Parkinson’s breakthrough as stem cells restore mobility in monkeys, with human trials coming soon
Lab monkeys with Parkinson’s symptoms regained significant mobility after neurons made from human stem cells were inserted into their brains, researchers reported Wednesday in a study hailed as “groundbreaking”.
The promising results were presented as the last step before human clinical trials, perhaps as early as next year, said the study’s senior author, Jun Takahashi, a professor at Kyoto University.
Parkinson’s is a degenerative disease that erodes motor functions. Typical symptoms include shaking, rigidity and difficulty walking. In advanced stages, depression, anxiety and dementia are also common.
Worldwide, about 10 million people are afflicted with the disease, according to the Parkinson’s Disease Foundation.
Earlier experiments had shown improvements in patients treated with stem cells taken from human foetal tissue and likewise coaxed into the dopamine-producing brain cells that are attacked by Parkinson’s.
Dopamine is a naturally occurring chemical that plays several key roles in the brain and body.
But the use of foetal tissue is fraught with practical and ethical problems.
So Takahashi and his colleagues, in a medical first, substituted so-called induced pluripotent stem cells (iPSCs), which can be easily made from human skin or blood.

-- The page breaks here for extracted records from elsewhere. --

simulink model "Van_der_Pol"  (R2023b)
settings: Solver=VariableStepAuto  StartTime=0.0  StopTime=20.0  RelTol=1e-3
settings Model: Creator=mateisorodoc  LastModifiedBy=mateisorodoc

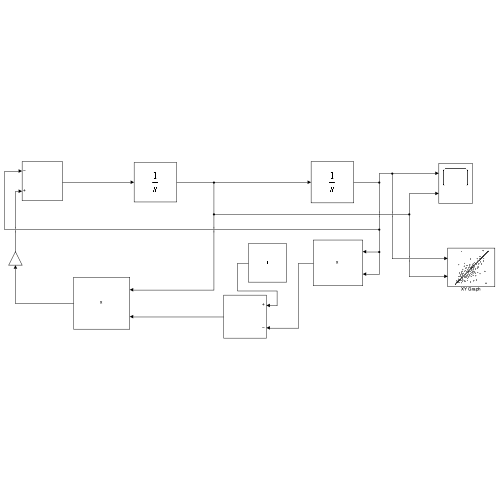
[thumbnail: Simulink's stored preview of the top-level diagram]
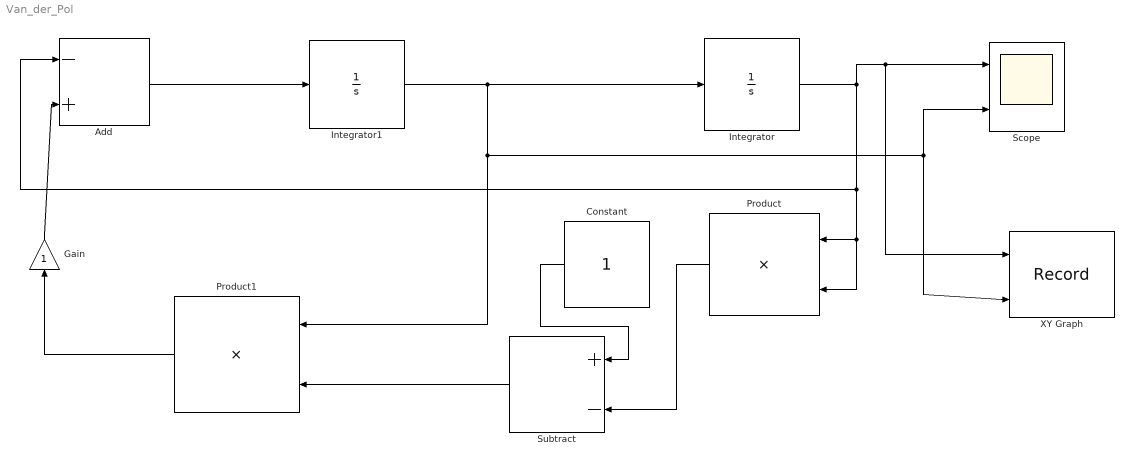
== system Van_der_Pol ==
  Add : Sum  Inputs=-+
  Constant : Constant
  Gain : Gain
  Integrator : Integrator  InitialCondition=0.5
  Integrator1 : Integrator  InitialCondition=-0.5
  Product : Product
  Product1 : Product
  Scope : Scope  NumInputPorts=2
  Subtract : Sum  Inputs=+-
  XY Graph : Record  FileSettingsInternal="{\"entries\":[{\"content\":{\"excelSettings\":{\"content\":{},\"type\":\"Streamout.ExcelSettings\"}},\"type\":\"Streamout.FileSettingStorage\",\"uuid\":\"\"}],\"packageUris\":[\"http:\\/\\/schema.mathworks.com\\/mf0\\/streamout_blocks\\/R2020a\"],\"version\":\"1.0\"}"  Layout=[1 1]  SignalsInternal="{\"entries\":[{\"content\":{\"signals\":[{\"content\":{\"blockPath\":[],\"dimensions\":[1],\"domain\":\"\",\"lineColor\":\"#a2142f\",\"plots\":[1],\"port\":1,\"sid\":[\"\"],\"signalID\":227,\"signalName\":\"Integrator\"},\"type\":\"RecordBlkView.Signal\",\"uuid\":\"\"},{\"content\":{\"blockPath\":[],\"dimensions\":[1],\"domain\":\"\",\"lineColor\":\"#139fff\",\"plots\":[1],\"port\":2,\"sid\":[\"\"],\"signalID\":231,\"signalName\":\"Integrator1\"},\"type\":\"RecordBlkView.Signal\",\"uuid\":\"\"}]},\"type\":\"RecordBlkView.InputSignals\",\"uuid\":\"\"}],\"packageUris\":[\"http:\\/\\/schema.mathworks.com\\/mf0\\/streamout_blocks\\/R2020a\"],\"version\":\"1.0\"}"  VisualizationBindings="{\"xyplotplugin\":{\"info\":[{\"series\":[{\"bindingParametersList\":[{\"parameter\":\"X-Axis\",\"signalID\":227,\"signalName\":\"Integrator\"},{\"parameter\":\"Y-Axis\",\"signalID\":231,\"signalName\":\"Integrator1\"}],\"seriesID\":31878}],\"subplotID\":1}]}}"  CompatibilityTag=XY  st=-1
  wires:
  Integrator/1 -> Product/2, Product/1, Add/1, XY Graph/1, Scope/1
  Product/1 -> Subtract/2
  Constant/1 -> Subtract/1
  Subtract/1 -> Product1/2
  Product1/1 -> Gain/1
  Add/1 -> Integrator1/1
  Gain/1 -> Add/2
  Integrator1/1 -> Scope/2, XY Graph/2, Product1/1, Integrator/1

Within a year, some monkey’s who had could barely stand up gradually recovered mobility.
“They became more active, moving more rapidly and more smoothly,” Takahashi said by email. Animals that had taken to just sitting “start walking around in the cage.”
“These findings are strong evidence that human iPSC-derived dopaminergic neurons can be clinically applicable to treat Parkinson’s patients,” he said.
Experts not involved in the research described the results as encouraging.
The treatment, if proven viable, “has the potential to reverse Parkinson’s by replacing the dopamine cells that have been lost - a groundbreaking feat,” said David Dexter, deputy research director at Parkinson’s UK.
“Not only did the new cells survive... but they also integrated with the existing neuronal network,” he said.
Neurons made from foetal tissue grafted into brains have been known to survive for more than a decade, and the researchers said they expected those derived from iPSCs to last just as long.
Tilo Kunath, Parkinson’s Senior Research Fellow at the University of Edinburgh, said the outcome was “extremely promising,” and highlighted the advantage of avoiding stem cells extracted from human foetal tissue.
“It means that this therapy can be used in any country worldwide,” including Ireland and most of South America, where medical use of human embryonic stem cells is banned.
The results, reported in the journal Nature, were not the same for the dozen monkeys in the experiment, each of which received donor neurons from a different person.
“Some were made with cells from healthy donors, while others were made from Parkinson’s disease patients,” said lead author Tetsuhiro Kikuchi, also from Kyoto University.
The varying outcomes suggested that the quality of the donor cells might play a role, so the researchers looked for genes that might explain the differences.
Eleven genes, especially one known as Dlk1, showed up in many of the most successful transplants, suggesting that screening potential donor cells may be critical.
Other experts evaluating the study said that stem cell treatment targets only some symptoms.
“No one expects that transplants will address the non-dopamine, non-movement aspects of Parkinson’s disease, such as dementia and falls,” said Tom Foltynie, a professor at the National Hospital for Neurology and Neurosurgery in London.
In the experiments, the lab-made nerve cells were injected into the brain through a thin needle during surgery.
“The needle is so thin that it causes almost no damage,” Takahashi said.
In a companion study, published in Nature Communications, scientists from Takahashi’s laboratory tested ways to avoid rejection of implanted neuron cells.
After organ transplants or skin grafts from donors, recipients must take drugs to prevent their immune system from attacking foreign tissue.
In monkey-to-monkey experiments, they found that the neuron transplants worked better across animals who shared similar gene groups responsible for shaping the immune system. The same, they conjecture, will apply to humans.
In addition, if the stem cells came from the patient’s own skin or blood, the problem would probably not arise in the first place, Takahashi said.